水分が不足すると血液が濃縮され、肝臓や腎臓への負担も大きくなります。これは、病気への抵抗力の低下などさまざまな悪影響を与える可能性があります。

 水はとても身近なものですが、牛の体のなかでは、代謝全体を支えている重要な存在だと改めて感じます。

各ステージにおける飲水の重要性

 飲水管理は、搾乳牛だけでなく、哺育期、育成期、乾乳期にも重要です。それぞれのステージで、水がどのように関わっているのかを整理してみます。

哺育期

 哺育期で大切なのは、「ミルクを飲んでいるから水は不要」とは考えないことです。子牛が飲むミルクは、食道溝を通ってダイレクトに第4胃へ流れます。一方で、スターター(固形飼料)の消化に必要なのは、第1胃であるルーメンです。
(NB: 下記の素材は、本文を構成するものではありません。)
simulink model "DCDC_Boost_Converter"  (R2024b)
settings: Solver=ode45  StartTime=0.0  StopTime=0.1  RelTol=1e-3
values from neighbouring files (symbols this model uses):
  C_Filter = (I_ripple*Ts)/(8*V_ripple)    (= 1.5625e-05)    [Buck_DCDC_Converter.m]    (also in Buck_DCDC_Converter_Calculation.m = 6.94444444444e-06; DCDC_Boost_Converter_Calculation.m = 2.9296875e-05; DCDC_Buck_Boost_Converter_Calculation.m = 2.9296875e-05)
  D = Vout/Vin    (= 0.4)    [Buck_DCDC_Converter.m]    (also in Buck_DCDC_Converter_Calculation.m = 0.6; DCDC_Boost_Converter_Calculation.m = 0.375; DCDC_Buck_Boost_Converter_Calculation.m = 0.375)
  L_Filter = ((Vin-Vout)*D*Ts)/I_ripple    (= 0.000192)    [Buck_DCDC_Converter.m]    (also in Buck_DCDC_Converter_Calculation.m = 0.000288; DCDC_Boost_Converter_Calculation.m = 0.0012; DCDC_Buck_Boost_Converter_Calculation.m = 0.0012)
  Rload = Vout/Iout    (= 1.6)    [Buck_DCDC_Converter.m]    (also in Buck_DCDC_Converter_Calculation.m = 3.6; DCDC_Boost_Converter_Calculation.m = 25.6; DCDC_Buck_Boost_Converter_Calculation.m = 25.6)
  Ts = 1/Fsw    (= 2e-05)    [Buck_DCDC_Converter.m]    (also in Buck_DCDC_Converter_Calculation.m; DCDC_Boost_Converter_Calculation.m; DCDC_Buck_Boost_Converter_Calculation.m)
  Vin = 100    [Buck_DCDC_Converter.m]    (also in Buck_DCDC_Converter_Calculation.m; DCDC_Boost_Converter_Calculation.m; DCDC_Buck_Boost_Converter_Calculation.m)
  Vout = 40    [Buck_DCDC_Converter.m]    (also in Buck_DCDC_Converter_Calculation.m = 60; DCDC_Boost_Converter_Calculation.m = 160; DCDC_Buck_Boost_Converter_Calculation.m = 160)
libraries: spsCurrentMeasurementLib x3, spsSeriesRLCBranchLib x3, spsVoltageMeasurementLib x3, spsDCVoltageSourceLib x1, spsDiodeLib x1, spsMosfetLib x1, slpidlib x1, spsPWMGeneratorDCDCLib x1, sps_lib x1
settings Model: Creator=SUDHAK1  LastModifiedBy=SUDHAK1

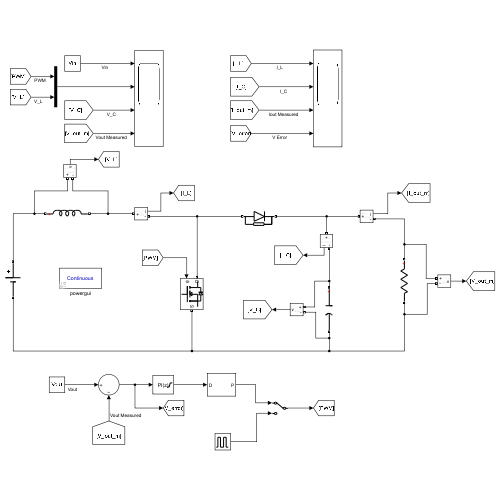
[thumbnail: Simulink's stored preview of the top-level diagram]
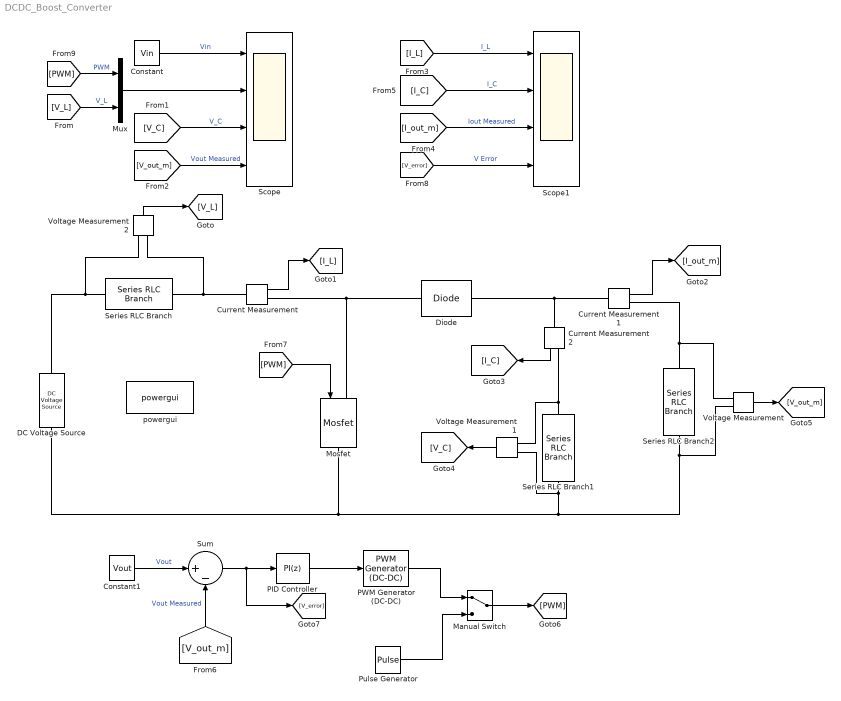
== system DCDC_Boost_Converter ==
  Constant : Constant  Value=Vin
  Constant1 : Constant  Value=Vout
  Current Measurement : spsCurrentMeasurementLib/Current Measurement  PhasorSimulation=off  OutputType=Complex  PSBequivalent=0
  Current Measurement1 : spsCurrentMeasurementLib/Current Measurement  PhasorSimulation=off  OutputType=Complex  PSBequivalent=0
  Current Measurement2 : spsCurrentMeasurementLib/Current Measurement  PhasorSimulation=off  OutputType=Complex  PSBequivalent=0
  DC Voltage Source : spsDCVoltageSourceLib/DC Voltage Source  Amplitude=Vin  Measurements=None
  Diode : spsDiodeLib/Diode  Ron=0.0001  Lon=0  Vf=0.8  IC=0  UseSnubber=0  Rs=500  Cs=250e-9  Measurements=off
  Manual Switch : ManualSwitch
  Mosfet : spsMosfetLib/Mosfet  Ron=0.0001  Lon=0  Rd=0.0001  Vfd=0  IC=0  Rs=1e5  Cs=inf  Measurements=off
  Mux : Mux  Inputs=2
  PID Controller : slpidlib/PID Controller  Controller=PI  Form=Parallel  TimeDomain=Discrete-time  UseExternalTs=off  SampleTime=-1  IntegratorMethod=Forward Euler  FilterMethod=Forward Euler  ControllerParametersSource=internal  P=1  I=1  UseKiTs=off  D=0  UseExternalDerivativeSource=off  N=100  UseFilter=on  TunerSelectOption=Transfer Function Based (PID Tuner App)  InitialConditionSource=internal  InitialConditionForIntegrator=0  InitialConditionForFilter=0  DifferentiatorICPrevScaledInput=0  ExternalReset=none  TrackingMode=off  Kt=1  LimitOutput=on  SatLimitsSource=internal  UpperSaturationLimit=100  LowerSaturationLimit=0  LinearizeAsGain=off  AntiWindupMode=none  Kb=1  LimitIntegrator=off  UpperIntegratorSaturationLimit=inf  LowerIntegratorSaturationLimit=-inf  POutMin=[]  POutMax=[]  IOutMin=[]  IOutMax=[]  DOutMin=[]  DOutMax=[]  NOutMin=[]  NOutMax=[]  SumOutMin=[]  SumOutMax=[]  SaturationOutMin=[]  SaturationOutMax=[]  PParamMin=[]  PParamMax=[]  IParamMin=[]  IParamMax=[]  DParamMin=[]  DParamMax=[]  NParamMin=[]  NParamMax=[]  KbParamMin=[]  KbParamMax=[]  KtParamMin=[]  KtParamMax=[]  KbOutMin=[]  KbOutMax=[]  KtOutMin=[]  KtOutMax=[]  IntegratorOutMin=[]  IntegratorOutMax=[]  FilterOutMin=[]  FilterOutMax=[]  SumI1OutMin=[]  SumI1OutMax=[]  SumI2OutMin=[]  SumI2OutMax=[]  SumI3OutMin=[]  SumI3OutMax=[]  SumI4OutMin=[]  SumI4OutMax=[]  SumDOutMin=[]  SumDOutMax=[]  DifferentiatorOutMin=[]  DifferentiatorOutMax=[]  FilterDiffOutCoefMin=[]  FilterDiffOutCoefMax=[]  ReciprocalOutMin=[]  ReciprocalOutMax=[]  SumDenOutMin=[]  SumDenOutMax=[]  SumNumOutMin=[]  SumNumOutMax=[]  DivideOutMin=[]  DivideOutMax=[]  UdiffTsProdOutMin=[]  UdiffTsProdOutMax=[]  NTsProdOutMin=[]  NTsProdOutMax=[]  UintegralTsProdOutMin=[]  UintegralTsProdOutMax=[]  UngainTsProdOutMin=[]  UngainTsProdOutMax=[]  ClampingZeroOutDataTypeStr=Inherit: Inherit via back propagation  ClampingZeroOutMin=[]  ClampingZeroOutMax=[]  FilterDenConstantOutDataTypeStr=Inherit: Inherit via back propagation  FilterDenConstantOutMin=[]  FilterDenConstantOutMax=[]  PCopyOutDataTypeStr=Inherit: Inherit via back propagation  PCopyOutMin=[]  PCopyOutMax=[]  NCopyOutDataTypeStr=Inherit: Inherit via back propagation  NCopyOutMin=[]  NCopyOutMax=[]  IntegratorContinuousStateAttributes=''  IntegratorStateMustResolveToSignalObject=off  IntegratorRTWStateStorageClass=Auto  FilterContinuousStateAttributes=''  FilterStateMustResolveToSignalObject=off  FilterRTWStateStorageClass=Auto  ParallelPVariant=InternalParameters  IdealPVariant=Disabled  IVariant=InternalParameters  DVariant=Disabled  IntegratorVariant=Discrete  SatVariant=Enabled  AWVariant=Passthrough  PCopyVariant=Disabled  TRVariant=Disabled  FdbkBlocksVariant=Forward  IdealPFdbkVariant=Disabled  SatFdbkVariant=Disabled  DerivativeFilterVariant=Disabled  NVariant=Disabled  NCopyVariant=Disabled_SignalSpec  FilterICVariant=Disabled  IntegratorICVariant=InternalICs  ExternalResetVariant=Disabled  TRSumVariant=Passthrough  SumFdbkVariant=Disabled  SumVariant=Sum_PI  TsampFilterVariant=InternalTs  TsampNgainVariant=Passthrough  TsampIntegralVariant=Disabled_SignalSpec  ExternalSaturationOutDataTypeStr=Inherit: Same as second input  DerivativeSourceVariant=Disabled  PreIntVariant=InternalPreInt
  PWM Generator (DC-DC) : spsPWMGeneratorDCDCLib/PWM Generator (DC-DC)  Fsw=Fsw  Ts=0
  Pulse Generator : DiscretePulseGenerator  PulseType=Time based  Period=Ts  PulseWidth=D*100
  Scope : Scope  NumInputPorts=4
  Scope1 : Scope  NumInputPorts=4
  Series RLC Branch : spsSeriesRLCBranchLib/Series RLC Branch  LConnTagsString=__new0  RConnTagsString=__new0  BranchType=L  Resistance=1  Inductance=L_Filter  SetiL0=off  InitialCurrent=0  Capacitance=1e-6  Setx0=off  InitialVoltage=0  Measurements=None
  Series RLC Branch1 : spsSeriesRLCBranchLib/Series RLC Branch  LConnTagsString=__new0  RConnTagsString=__new0  BranchType=C  Resistance=1  Inductance=1e-3  SetiL0=off  InitialCurrent=0  Capacitance=C_Filter  Setx0=off  InitialVoltage=0  Measurements=None
  Series RLC Branch2 : spsSeriesRLCBranchLib/Series RLC Branch  LConnTagsString=__new0  RConnTagsString=__new0  BranchType=R  Resistance=Rload  Inductance=1e-3  SetiL0=off  InitialCurrent=0  Capacitance=1e-6  Setx0=off  InitialVoltage=0  Measurements=None
  Sum : Sum  Inputs=|+-
  Voltage Measurement : spsVoltageMeasurementLib/Voltage Measurement  PhasorSimulation=off  OutputType=Complex  PSBequivalent=0
  Voltage Measurement1 : spsVoltageMeasurementLib/Voltage Measurement  PhasorSimulation=off  OutputType=Complex  PSBequivalent=0
  Voltage Measurement2 : spsVoltageMeasurementLib/Voltage Measurement  PhasorSimulation=off  OutputType=Complex  PSBequivalent=0
  powergui : sps_lib/powergui  Priority=1  SimulationMode=Continuous  SampleTime=50e-6  frequency=60  Iterations=50  frequencyindice=0  Pbase=100e6  ErrMax=1e-4  UnitsV=kV  UnitsW=MW  buscounter=0  FunctionMessages=off  echomessages=off  EnableUseOfTLC=off  CurrentSourceSwitches=off  DisableSnubberDevices=off  DisableRonSwitches=off  DisableVfSwitches=off  DisplayEquations=off  AutomaticDiscreteSolvers=off  SolverType=Tustin/Backward Euler (TBE)  Interpol=off  ExternalGateDelay=off  methode=off  Ts=100  x0status=blocks  SPID=on  SwTol=0  HookPort=off  NonlinearTolerance=1e-4  nMaxIteration=100  ContinueOnMaxIteration=off  RestoreLinks=warning  ResistiveCurrentMeasurement=off  Frange=[0:2:500]  Ylog=off  Xlog=on  ShowGrid=off  save=off  variable=ZData  structure=0  ZoomFFT=off  StartTime=0.0  cycles=1  DisplayStyle=1  fundamental=60  FreqAxis=off  MaxFrequency=1000  frequencyindicesteady=1  RmsSteady=1  display=off
  wires:
  [PWM] -> Mosfet/1
  Constant1/1 -> Sum/1  "Vout"
  [V_error] -> Scope1/4  "V Error"
  [I_C] -> Scope1/2  "I_C"
  Mux/1 -> Scope/2
  [V_out_m] -> Scope/4  "Vout Measured"
  [V_out_m] -> Sum/2  "Vout Measured"
  PID Controller/1 -> PWM Generator (DC-DC)/1
  Constant/1 -> Scope/1  "Vin"
  Voltage Measurement/1 -> [V_out_m]
  Current Measurement1/1 -> [I_out_m]
  [I_out_m] -> Scope1/3  "Iout Measured"
  [I_L] -> Scope1/1  "I_L"
  Voltage Measurement1/1 -> [V_C]
  Voltage Measurement2/1 -> [V_L]
  [V_C] -> Scope/3  "V_C"
  Current Measurement2/1 -> [I_C]
  Sum/1 -> [V_error], PID Controller/1
  Current Measurement/1 -> [I_L]
  Pulse Generator/1 -> Manual Switch/2
  PWM Generator (DC-DC)/1 -> Manual Switch/1
  Manual Switch/1 -> [PWM]
  [PWM] -> Mux/1  "PWM"
  [V_L] -> Mux/2  "V_L"
  connections:
  Series RLC Branch2/RConn1 -- Mosfet/RConn1 -- DC Voltage Source/LConn1 -- Voltage Measurement1/LConn2 -- Series RLC Branch1/RConn1 -- Voltage Measurement/LConn2
  Voltage Measurement2/LConn2 -- Series RLC Branch/RConn1 -- Current Measurement/LConn1
  Series RLC Branch2/LConn1 -- Current Measurement1/RConn1 -- Voltage Measurement/LConn1
  Series RLC Branch/LConn1 -- Voltage Measurement2/LConn1 -- DC Voltage Source/RConn1
  Series RLC Branch1/LConn1 -- Current Measurement2/RConn1 -- Voltage Measurement1/LConn1
  Diode/LConn1 -- Mosfet/LConn1 -- Current Measurement/RConn1
  Diode/RConn1 -- Current Measurement1/LConn1 -- Current Measurement2/LConn1

 ルーメンに常在する微生物が増え、スターターを発酵させて酪酸やプロピオン酸を作り出すためには、第1胃の中に水が独立して存在している必要があります。

 生後早い段階から、新鮮な水を自由に飲める環境にしておくと、スターターの摂取量が早期に増え、絨毛の発達が促されます。その結果、離乳ショックを最小限に抑え、将来「強く健康な牛」になるための胃の基礎が作られると考えています。

 脱水は、子牛の健康を悪化させる大きな要因になります。子牛が水を飲める環境づくりを、早い段階から意識していきたいところです。

育成期

 育成期は、骨格形成と、将来長く生き抜くための「強い内臓」を作る期間です。

 この時期は、将来の腹づくり、つまりルーメン容積の拡大のために、繊維質の多い粗飼料(サイレージや乾草)の給与比率が高まります。繊維をしっかりとルーメン微生物に分解させるためには、多くの水分が必要です。

 注意したいのは、育成牛は群で飼育されることが多いという点です。水槽の数やスペースが足りないと、社会的順位の低い牛が十分に水を飲めず、成長が遅れる原因になることがあります。

乾乳期

 乾乳期で重要なのは、次の搾乳期に向けた「分娩準備」と「分娩後の代謝性疾患予防」です。

 分娩直前は、胎子が大きくなって胃を圧迫するため、どうしても採食量(DMI)が落ち込みます。ここで飲水量まで落ちると、DMIはさらに低下し、分娩後の低カルシウム血症やケトーシス、第四胃変位のリスクが高まります。

 乾乳期は、目に見える乳量がないぶん管理の優先順位が下がりがちですが、次の泌乳の準備をする大切な期間です。だからこそ、水をしっかり飲める環境を整えることが重要です。

泌乳期

 搾乳期で重要なポイントは、乳量に直結するということです。水は、牛乳の原材料そのものです。牛乳の約85%は水です。乳量1kgを生産するために、およそ4~5Lの水が必要とされています。高泌乳牛では、1日に100L以上飲むこともあります。

 また、搾乳牛が1日の総飲水量のうち約30~40%を飲むのは、搾乳直後の1時間以内とされています。

 そう考えると、搾乳後の動線上に、きれいな水槽があるかどうかはとても重要です。そこで十分に水を飲めるかどうかが、その後の採食量、ひいては乳量を維持できるかに関わってきます。

 水分不足によって採食量が落ちると、エネルギー不足から乳脂肪率や乳蛋白率が低下し、牛は自身の脂肪を分解する脂肪動員を起こしやすくなります。その結果、ケトーシスの発症リスクも高まります。

飲水環境のチェックリスト

 どれだけ良い飼料設計をしていても、飲水量を確保できていなければ、そのポテンシャルは十分に発揮されないと思います。

 まずは、次のような項目を確認してみることが大切です。

チェック項目

見るポイント

  • 水槽のスペース:牛が混み合わずに飲めるか
  • 水の流量:飲みたいときに十分な量が出るか
  • 清潔さ:ヌメリや汚れが溜まっていないか
  • 水質:におい、味、異物、温度に問題がないか

 水槽の清掃や流量の確認は、特別な設備投資をしなくても、すぐに見直せる管理の一つです。

改めて、飲水を見直す

 ステージごとの特性に合わせた飲水管理は、牛たちの長命連産と、農場全体の生産効率を高めるうえで、費用対効果の高い管理技術だと思います。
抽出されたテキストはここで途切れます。